3. Considerando que no direito processual penal exige-se, obrigatoriamente, a presença de todos os elementos do tipo penal, objetivos e subjetivos, é indispensável que da denúncia constasse não apenas o esquema corruptivo, mas também as supostas vítimas desse esquema (os fatos delitivos).

4. Nulidade da denúncia. Devolução dos autos ao Juízo de origem.

(TRE-PR, PROCESSO n. 218, Acórdão n. 41898 de 7.3.2012, Relator LUCIANO CARRASCO FALAVINHA SOUZA, Revisora ANDREA SABBAGA DE MELO, Publicação: DJ - Diário de Justiça, Data 12.3.2012).

Importa registrar que, mesmo no decorrer da ação penal, os eleitores não foram perfeitamente identificados. A sentença pontua as interceptações telefônicas pelas quais entendeu evidenciada a compra de votos, mas tais diálogos não permitem a identificação precisa dos eleitores. Veja-se que as conversas, por vezes, falam de pedidos específicos de dinheiro ou combustível realizados por “eleitores”, sem sequer nominá-los.

Destaque-se, ainda, que a sentença considerou ter havido a prática da corrupção eleitoral em continuidade delitiva, na forma do art. 71 do Código Penal, mas sequer pode precisar por quantas vezes a conduta foi praticada.

Essas circunstâncias são reflexos da descrição imprecisa do fato imputado aos acusados, evidenciando a inépcia da denúncia, que prejudicou o exercício da ampla defesa, maculando a ação penal, desde o nascedouro até seu derradeiro ato, quanto ao segundo fato nela descrito.

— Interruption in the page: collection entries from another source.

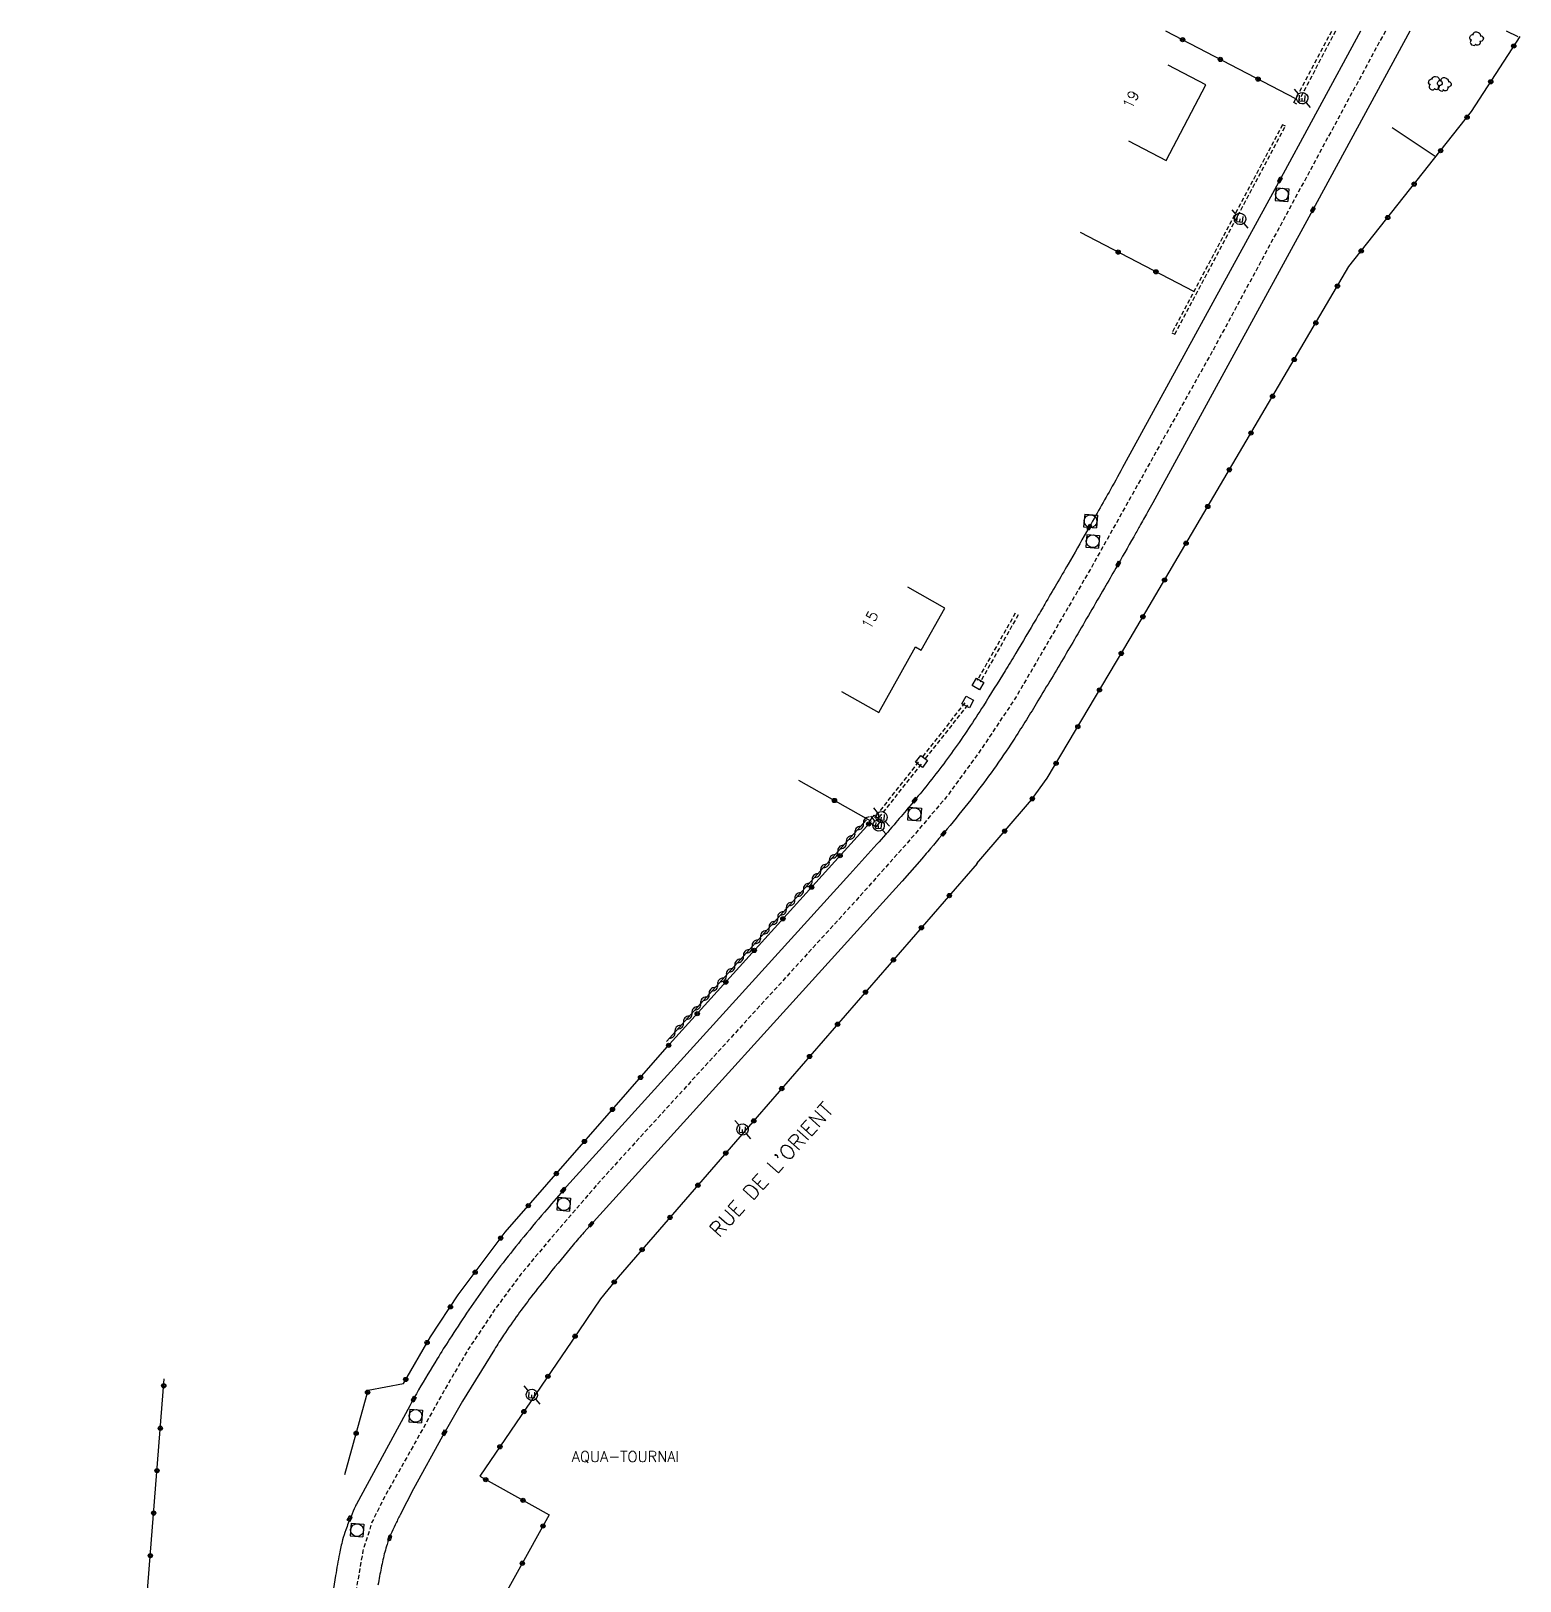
# Model space of a CAD drawing. Header units: millimetres. Extents: x 82000 to 83000, y 142999 to 144000.
# Drawn here: x 82306.8 to 82481.5, y 143818.2 to 144000 of the extents above; entities that cross this region are included whole.
import ezdxf
from ezdxf.enums import TextEntityAlignment as Align

# ---------------------------------------------------------------- set-up
doc = ezdxf.new("R2010")
doc.units = ezdxf.units.MM
doc.linetypes.add('DASHED', pattern=[0.75, 0.5, -0.25])
doc.layers.get('0').update_dxf_attribs({"linetype": 'CONTINUOUS'})
for name, color, linetype in [('W0001', 6, 'DASHED'), ('W0008', 7, 'CONTINUOUS'), ('W0100', 7, 'CONTINUOUS'), ('W0112', 1, 'DASHED'), ('W0300', 7, 'CONTINUOUS'), ('W0310', 3, 'CONTINUOUS'), ('W0322', 7, 'CONTINUOUS'), ('W0400', 7, 'CONTINUOUS'), ('W0420', 7, 'CONTINUOUS'), ('W0471', 7, 'CONTINUOUS'), ('W0984', 7, 'CONTINUOUS'), ('W0989', 7, 'CONTINUOUS'), ('W0991', 7, 'CONTINUOUS')]:
    doc.layers.add(name, color=color, linetype=linetype)
doc.styles.get("Standard").update_dxf_attribs({"font": 'romans.shx', "width": 0.85})

# ---------------------------------------------------------------- blocks, each defined once
blk = doc.blocks.new('T400')
for p, q in [((-0.15, 0.3), (0.15, 0.3)), ((-0.15, -0.25), (-0.15, 0.3)), ((-0.15, 0.15), (0.15, 0.15)), ((-0.15, 0), (0.15, 0)), ((0.15, 0.3), (0.15, -0.25)), ((-0.15, -0.15), (0.15, -0.15)), ((-0.15, -0.25), (-0.15, -0.3)), ((-0.15, -0.3), (0.15, -0.3)), ((0.15, -0.3), (0.15, -0.25))]:
    blk.add_line(p, q)
blk = doc.blocks.new('T300')
for p, q in [((-0.8, 0.51), (-0.86, 0.34)), ((-0.86, 0.34), (-0.86, 0.17)), ((-0.86, 0.17), (-0.74, 0.06)), ((-0.69, 0.63), (-0.8, 0.51)), ((-0.8, -0.06), (-0.74, 0.06)), ((-0.74, 0.06), (-0.69, 0.11)), ((-0.57, 0.69), (-0.69, 0.63)), ((-0.46, 0.69), (-0.57, 0.69)), ((-0.29, 0.63), (-0.46, 0.69)), ((-0.29, 0.63), (-0.17, 0.74)), ((-0.23, 0.57), (-0.29, 0.63)), ((-0.17, 0.74), (-0.06, 0.8)), ((-0.06, 0.8), (0.06, 0.8)), ((0.06, 0.8), (0.23, 0.74)), ((0.23, 0.74), (0.34, 0.63)), ((0.34, 0.63), (0.4, 0.51)), ((0.46, 0.46), (0.34, 0.46)), ((0.4, 0.51), (0.4, 0.46)), ((0.57, 0.4), (0.46, 0.46)), ((0.57, 0.4), (0.69, 0.29)), ((0.69, 0.29), (0.74, 0.17)), ((0.74, 0.06), (0.69, -0.17)), ((0.74, 0.17), (0.74, 0.06)), ((-0.8, -0.17), (-0.8, -0.06)), ((-0.8, -0.23), (-0.8, -0.17)), ((-0.74, -0.34), (-0.8, -0.23)), ((-0.69, -0.4), (-0.74, -0.34)), ((-0.51, -0.46), (-0.69, -0.4)), ((-0.4, -0.46), (-0.51, -0.46)), ((-0.4, -0.46), (-0.34, -0.46)), ((-0.34, -0.46), (-0.34, -0.4)), ((-0.34, -0.51), (-0.34, -0.46)), ((-0.29, -0.63), (-0.34, -0.51)), ((-0.17, -0.74), (-0.29, -0.63)), ((-0.06, -0.8), (-0.17, -0.74)), ((0.06, -0.8), (-0.06, -0.8)), ((0.17, -0.74), (0.06, -0.8)), ((0.23, -0.69), (0.17, -0.74)), ((0.29, -0.46), (0.23, -0.46)), ((0.29, -0.63), (0.23, -0.69)), ((0.46, -0.4), (0.29, -0.46)), ((0.34, -0.51), (0.29, -0.63)), ((0.34, -0.51), (0.34, -0.46)), ((0.57, -0.34), (0.46, -0.4)), ((0.63, -0.29), (0.57, -0.34)), ((0.69, -0.17), (0.63, -0.29))]:
    blk.add_line(p, q)
blk = doc.blocks.new('T420')
for p, q in [((0.75, 0.75), (-0.75, 0.75)), ((-0.75, 0.75), (-0.75, -0.75)), ((0.75, 0.75), (0.75, -0.75)), ((0.75, -0.75), (-0.75, -0.75))]:
    blk.add_line(p, q)
blk.add_ellipse((0, 0), major_axis=(-0.53, 0.53), ratio=1, start_param=3.926991, end_param=10.210176)
blk = doc.blocks.new('T471')
for p, q in [((-0.333334, 0.333334), (-0.333334, -0.333334)), ((-0.333334, 0.333334), (0.333334, 0.333334)), ((-0.333334, 0), (0, 0)), ((0.500001, 0.500001), (1.000002, 1.000002)), ((-0.500001, -0.500001), (-1.000002, -1.000002)), ((-0.333334, -0.333334), (0.333334, -0.333334))]:
    blk.add_line(p, q)
blk.add_ellipse((0, 0), major_axis=(0.471405, 0.471405), ratio=1, start_param=5.4977871438, end_param=11.780972451)
blk = doc.blocks.new('t112o')
at = {"color": 0, "linetype": 'Continuous'}
for p, q in [((-0.5, 0.5), (0.5, 0.5)), ((-0.5, -0.5), (-0.5, 0.5)), ((0.5, 0.5), (0.5, -0.5)), ((0.5, -0.5), (-0.5, -0.5))]:
    blk.add_line(p, q, dxfattribs=at)
blk = doc.blocks.new('t322o')
at = {"color": 0, "linetype": 'Continuous'}
for radius in [0.25, 0.15]:
    blk.add_circle((0, 0), radius, dxfattribs=at)
blk = doc.blocks.new('t310o')
at = {"color": 0, "linetype": 'Continuous'}
for centre, start, end in [((-0.5, 0.38), 216.8699, 323.1304), ((0.5, -0.37), 36.8699, 143.1303)]:
    blk.add_arc(centre, 0.625, start, end, dxfattribs=at)

msp = doc.modelspace()

# ---------------------------------------------------------------- linework, layer by layer
at = {"layer": 'W0001', "flags": 128}
msp.add_lwpolyline([(82465.69, 144000), (82445.56, 143962.72), (82431.18, 143937.02), (82422.38, 143921.88), (82418.41, 143915.91), (82414.19, 143910.12), (82409.59, 143904.72), (82403.61, 143898.01), (82373.67, 143865.17), (82367.69, 143858.22), (82364.3, 143854.16), (82361.27, 143850.07), (82358.09, 143845.3), (82355.21, 143840.35), (82351.88, 143834.38), (82348.37, 143828.16), (82346.83, 143825.07), (82345.77, 143821.72), (82344.88, 143816.56), (82342.94, 143802.92), (82335.51, 143753.82), (82334.88, 143748.63), (82334.36, 143743.44), (82334.16, 143739.47)], dxfattribs=at)
at = {"layer": 'W0008'}
for points in [[(82462.76, 144000), (82452.68, 143981.36), (82435.07, 143949.14, -0.0027), (82433.46, 143946.23, -0.001575), (82430.65, 143941.26, -0.001693), (82428.47, 143937.45, -0.001372), (82425.75, 143932.77, -0.001304), (82424.73, 143931.02, -0.000565), (82422.34, 143927, -0.003973), (82421.1, 143924.95, -0.001971), (82418.54, 143920.85, -0.0155), (82415.01, 143915.58, -0.016197), (82411.31, 143910.76, -0.004593), (82408.07, 143906.89, -0.007602), (82406.06, 143904.6), (82402.89, 143901.1), (82369.63, 143864.43, 0.006556), (82369.25, 143864, 0.001108), (82367.06, 143861.44, 0.005451), (82364.31, 143858.14, 0.006088), (82361.91, 143855.13, 0.009568), (82360.12, 143852.72, 0.007511), (82357.93, 143849.58, 0.004763), (82355.94, 143846.55, 0.00628), (82354.48, 143844.22, 0.004352), (82352.31, 143840.6, 0.008522), (82351.26, 143838.73), (82345.01, 143827.18, 0.020314), (82344.89, 143826.94, 0.004161), (82344.38, 143825.75, 0.014064), (82343.76, 143824.16, 0.019565), (82343.39, 143822.99, 0.017055), (82343.02, 143821.37, 0.01097), (82342.57, 143818.82), (82341.55, 143812.15)], [(82468.56, 144000), (82456.94, 143978.59), (82438.4, 143944.64, -0.001685), (82437.79, 143943.54, -0.001113), (82436.87, 143941.89, -0.001858), (82436.18, 143940.68, -0.00061), (82434.08, 143937, -0.000963), (82432.73, 143934.66, -0.000391), (82429.4, 143928.92, -0.002438), (82427.89, 143926.35, -0.001187), (82424.74, 143921.08, -0.008851), (82422.06, 143916.79, -0.010848), (82419.73, 143913.38, -0.010124), (82417.39, 143910.24, -0.009005), (82414.63, 143906.81, -0.001351), (82412.02, 143903.71, -0.005093), (82411.32, 143902.9), (82409, 143900.26), (82371.69, 143859.05, 0.009834), (82370.44, 143857.61, 0.004173), (82367.59, 143854.14, 0.006024), (82365.48, 143851.47, 0.008156), (82363.97, 143849.45, 0.007197), (82362.27, 143847.01, 0.010746), (82361.2, 143845.34), (82357.46, 143839.27), (82355.09, 143835.18), (82351.69, 143828.99), (82350.14, 143825.94, 0.006376), (82349.56, 143824.76, 0.006494), (82349.02, 143823.59, 0.030782), (82348.6, 143822.47, 0.019685), (82348.12, 143820.66, 0.005956), (82347.72, 143818.72, 0.011446), (82347.54, 143817.7)]]:
    msp.add_lwpolyline(points, format="xyb", dxfattribs=at)
at = {"layer": 'W0008', "flags": 128}
for points in [[(82481.25, 143999.32), (82479.91, 144000)], [(82471.54, 143985.27), (82466.47, 143988.66)]]:
    msp.add_lwpolyline(points, dxfattribs=at)
at = {"layer": 'W0100', "flags": 128}
for points in [[(82435.56, 143987.12), (82439.99, 143984.8), (82444.63, 143993.68), (82440.2, 143995.99)], [(82401.92, 143922.53), (82406.27, 143920.07), (82410.6, 143927.75), (82411.26, 143927.38), (82414.03, 143932.28), (82409.67, 143934.74)]]:
    msp.add_lwpolyline(points, dxfattribs=at)
at = {"layer": 'W0112'}
for points in [[(82454.97, 143991.61), (82459.4, 144000)], [(82459.85, 144000), (82455.32, 143991.43), (82454.97, 143991.61)]]:
    msp.add_lwpolyline(points, dxfattribs=at)
msp.add_lwpolyline([(82440.65, 143964.61), (82441.01, 143964.43), (82453.97, 143988.82), (82453.62, 143989)], close=True, dxfattribs=at)
at = {"layer": 'W0112', "flags": 128}
for points in [[(82422.28, 143931.7), (82417.81, 143923.8)], [(82422.63, 143931.51), (82418.16, 143923.6)], [(82416.37, 143921.18), (82411.28, 143914.71)], [(82416.68, 143920.93), (82411.59, 143914.47)], [(82410.91, 143914.25), (82405.79, 143907.74)], [(82411.23, 143914.01), (82406.1, 143907.49)]]:
    msp.add_lwpolyline(points, dxfattribs=at)
at = {"layer": 'W0310', "flags": 128}
msp.add_lwpolyline([(82381.36, 143881.46), (82404.85, 143907.45)], dxfattribs=at)
at = {"layer": 'W0322', "flags": 128}
for points in [[(82455.19, 143992.04), (82439.95, 144000)], [(82417.78, 143902.34), (82424.17, 143909.8), (82426.04, 143912.36), (82435.75, 143928.73), (82461.42, 143972.38), (82475.8, 143990.54), (82481.48, 143999.37)], [(82455.55, 143991.86), (82455.55, 143991.86)], [(82443.21, 143969.43), (82429.94, 143976.38)], [(82405.42, 143907.27), (82396.88, 143912.09)], [(82343.64, 143830.68), (82346.39, 143840.55), (82350.52, 143841.35), (82353.69, 143846.81), (82356.96, 143851.73), (82362.46, 143859.11), (82381.73, 143881.13), (82405.22, 143907.11)], [(82306.84, 143742.58), (82311.9, 143750.02), (82311.79, 143760.92), (82316.06, 143760.53), (82322.47, 143841.88)]]:
    msp.add_lwpolyline(points, dxfattribs=at)
at = {"layer": 'W0322'}
msp.add_lwpolyline([(82417.83, 143902.35), (82392.02, 143872.63), (82375.7, 143853.8), (82373.65, 143851.29), (82370.28, 143846.32), (82359.48, 143830.46), (82367.62, 143825.93), (82355.97, 143804.93), (82343.65, 143782.79), (82340.84, 143763.78), (82350.33, 143744.33), (82350.28, 143743.35)], dxfattribs=at)

# ---------------------------------------------------------------- block references
at = {"layer": 'W0112'}
for p, rotation in [((82417.9, 143923.41), 58.98347969869786), ((82416.71, 143921.28), 61.51370211233445), ((82411.3, 143914.32), 52.62413781184019), ((82405.84, 143907.32), 52.62413781185031)]:
    msp.add_blockref('t112o', p, dxfattribs=dict(at, rotation=rotation))
at = {"layer": 'W0300'}
for p, rotation in [((82476.38, 143999.15), 85.41071042907373), ((82471.56, 143993.93), 85.41071042907508), ((82472.61, 143993.8), 85.41071042907508)]:
    msp.add_blockref('T300', p, dxfattribs=dict(at, rotation=rotation))
at = {"layer": 'W0310'}
for p, rotation in [((82404.49, 143907.05), 47.88963098011436), ((82402.48, 143904.83), 47.88963098012056), ((82403.48, 143905.94), 47.88963098012056), ((82401.47, 143903.72), 47.88963098010819), ((82399.46, 143901.49), 47.88963098010319), ((82400.47, 143902.6), 47.88963098010319), ((82397.45, 143899.26), 47.88963098010939), ((82398.46, 143900.38), 47.88963098010319), ((82396.44, 143898.15), 47.88963098010319), ((82394.43, 143895.93), 47.88963098010319), ((82395.44, 143897.04), 47.88963098010939), ((82392.42, 143893.7), 47.88963098010319), ((82393.43, 143894.81), 47.88963098011556), ((82391.42, 143892.59), 47.88963098010939), ((82389.4, 143890.36), 47.88963098010939), ((82390.41, 143891.48), 47.889630980097), ((82387.39, 143888.14), 47.88963098011556), ((82388.4, 143889.25), 47.88963098010319), ((82386.39, 143887.03), 47.88963098010939), ((82384.38, 143884.8), 47.88963098009199), ((82385.38, 143885.91), 47.88963098010319), ((82383.37, 143883.69), 47.88963098011556), ((82382.37, 143882.58), 47.88963098009199)]:
    msp.add_blockref('t310o', p, dxfattribs=dict(at, rotation=rotation))
at = {"layer": 'W0322'}
for p, rotation in [((82441.9, 143998.98), 152.4357454024787), ((82480.75, 143998.24), 57.25940528525164), ((82446.33, 143996.67), 152.4357454024974), ((82450.76, 143994.36), 152.4357454024787), ((82478.05, 143994.04), 57.2594052852356), ((82475.27, 143989.88), 51.63886387742754), ((82472.17, 143985.96), 51.63886387743408), ((82469.07, 143982.04), 51.63886387744063), ((82465.97, 143978.12), 51.63886387744063), ((82462.86, 143974.2), 51.63886387742372), ((82434.35, 143974.06), 152.3732954847739), ((82438.78, 143971.75), 152.3732954847778), ((82460.07, 143970.07), 59.5342020067166), ((82457.53, 143965.76), 59.53420200670095), ((82455, 143961.46), 59.53420200670095), ((82452.46, 143957.15), 59.5342020067166), ((82449.93, 143952.84), 59.53420200670941), ((82447.39, 143948.53), 59.53420200669377), ((82444.86, 143944.22), 59.5342020066925), ((82442.32, 143939.91), 59.53420200670095), ((82439.79, 143935.6), 59.53420200668531), ((82437.25, 143931.29), 59.53420200667812), ((82434.71, 143926.99), 59.33923973872906), ((82432.16, 143922.69), 59.33923973874474), ((82429.62, 143918.39), 59.33923973873757), ((82427.07, 143914.09), 59.33923973874474), ((82401.07, 143909.73), 150.5400578045758), ((82424.28, 143909.94), 53.92128347690532), ((82405.09, 143906.97), 47.88963098010319), ((82421.04, 143906.14), 49.39325062762551), ((82401.74, 143903.26), 47.88963098009199), ((82398.39, 143899.56), 47.88963098010319), ((82414.55, 143898.58), 229.0357928425372), ((82395.03, 143895.85), 47.88963098010319), ((82411.27, 143894.8), 229.0357928425136), ((82391.68, 143892.14), 47.88963098010939), ((82407.99, 143891.03), 229.0357928425372), ((82388.33, 143888.43), 47.889630980097), ((82404.72, 143887.25), 229.0357928425263), ((82384.98, 143884.72), 47.88963098010319), ((82401.44, 143883.48), 229.0357928425372), ((82381.63, 143881.01), 48.80831913393748), ((82398.16, 143879.7), 229.03579284252), ((82378.34, 143877.25), 48.80831913394376), ((82394.89, 143875.93), 229.035792842531), ((82375.04, 143873.49), 48.80831913394376), ((82391.61, 143872.15), 229.0785037197568), ((82371.75, 143869.73), 48.80831913393748), ((82388.33, 143868.37), 229.0785037197459), ((82368.46, 143865.96), 48.80831913394847), ((82385.06, 143864.6), 229.0785037197396), ((82365.17, 143862.2), 48.80831913393748), ((82381.79, 143860.82), 229.0785037197631), ((82361.93, 143858.4), 53.32651762929045), ((82378.51, 143857.04), 229.0785037197568), ((82358.94, 143854.39), 53.32651762927053), ((82375.25, 143853.25), 230.7450918210745), ((82356.03, 143850.33), 56.35325069083151), ((82370.66, 143846.88), 235.7315491275395), ((82353.3, 143846.14), 59.91453810603841), ((82350.79, 143841.81), 59.91453810603956), ((82367.47, 143842.18), 235.7315491275395), ((82322.41, 143841.08), 85.49797719211128), ((82346.32, 143840.31), 74.428556763616), ((82364.65, 143838.05), 235.731549127542), ((82322.01, 143836.09), 85.49797719211959), ((82344.98, 143835.5), 74.428556763616), ((82361.84, 143833.92), 235.7315491275489), ((82321.62, 143831.11), 85.49797719211128), ((82360.18, 143830.06), 330.8933859792991), ((82364.55, 143827.63), 330.8933859793177), ((82321.23, 143826.13), 85.49797719211257), ((82366.89, 143824.62), 240.9883154968827), ((82320.84, 143821.14), 85.49797719210996), ((82364.47, 143820.25), 240.9883154968965)]:
    msp.add_blockref('t322o', p, dxfattribs=dict(at, rotation=rotation))
at = {"layer": 'W0400'}
for p, rotation in [((82453.31, 143982.54), 331.893177829011), ((82457.19, 143979.03), 329.9539174872981), ((82430.96, 143941.8), 330.1221708386436), ((82434.36, 143937.46), 328.9945893565744), ((82410.48, 143909.76), 140.3763265111032), ((82413.85, 143905.86), 140.7154246038311), ((82369.25, 143864), 138.4248374776166), ((82372.54, 143860.03), 318.8714783963808), ((82351.72, 143839.52), 330.0069960899521), ((82355.33, 143835.56), 328.3956044430108), ((82344.22, 143825.48), 150.0500361889096), ((82348.92, 143823.22), 164.9234976296275)]:
    msp.add_blockref('T400', p, dxfattribs=dict(at, rotation=rotation))
at = {"layer": 'W0420'}
for p, rotation in [((82453.56, 143980.81), 85.41071042907508), ((82431.11, 143942.51), 85.4107104290571), ((82431.36, 143940.14), 85.41071042907508), ((82410.46, 143908.14), 85.41071042905844), ((82369.32, 143862.38), 85.41071042907373), ((82351.95, 143837.54), 85.4107104290571), ((82345.08, 143824.14), 85.41071042907508)]:
    msp.add_blockref('T420', p, dxfattribs=dict(at, rotation=rotation))
at = {"layer": 'W0471'}
for p, rotation in [((82455.94, 143992.11), 85.41071042907373), ((82448.64, 143977.95), 85.41071042906675), ((82406.26, 143906.8), 85.41071042906675), ((82406.6, 143907.78), 85.41071042906542), ((82390.3, 143871.13), 85.41071042906542), ((82365.59, 143840), 85.41071042906542)]:
    msp.add_blockref('T471', p, dxfattribs=dict(at, rotation=rotation))

# ---------------------------------------------------------------- texts
at = {"layer": 'W0984'}
msp.add_text('AQUA-TOURNAI', height=1.25, dxfattribs=at).set_placement((82376.56, 143832.71), align=Align.MIDDLE)
at = {"layer": 'W0989'}
msp.add_text("RUE DE L'ORIENT", height=1.75, rotation=47.846, dxfattribs=at).set_placement((82393.67, 143866.43), align=Align.MIDDLE)
at = {"layer": 'W0991'}
for s, rotation, p in [('19', 62.3733, (82435.84, 143991.96)), ('15', 60.5401, (82405.22, 143930.91))]:
    msp.add_text(s, height=1.25, rotation=rotation, dxfattribs=at).set_placement(p, align=Align.MIDDLE)

doc.saveas('drawing.dxf')

Assim, é imperioso o reconhecimento da inépcia da denúncia, quanto ao segundo fato descrito, imputação de corrupção eleitoral, com a consequente anulação da ação penal no ponto, mantido o juízo absolutório quanto ao primeiro fato imputado aos acusados.

 

DIANTE DO EXPOSTO, voto por reconhecer a inépcia da denúncia, e anular a ação penal quanto à imputação de corrupção eleitoral.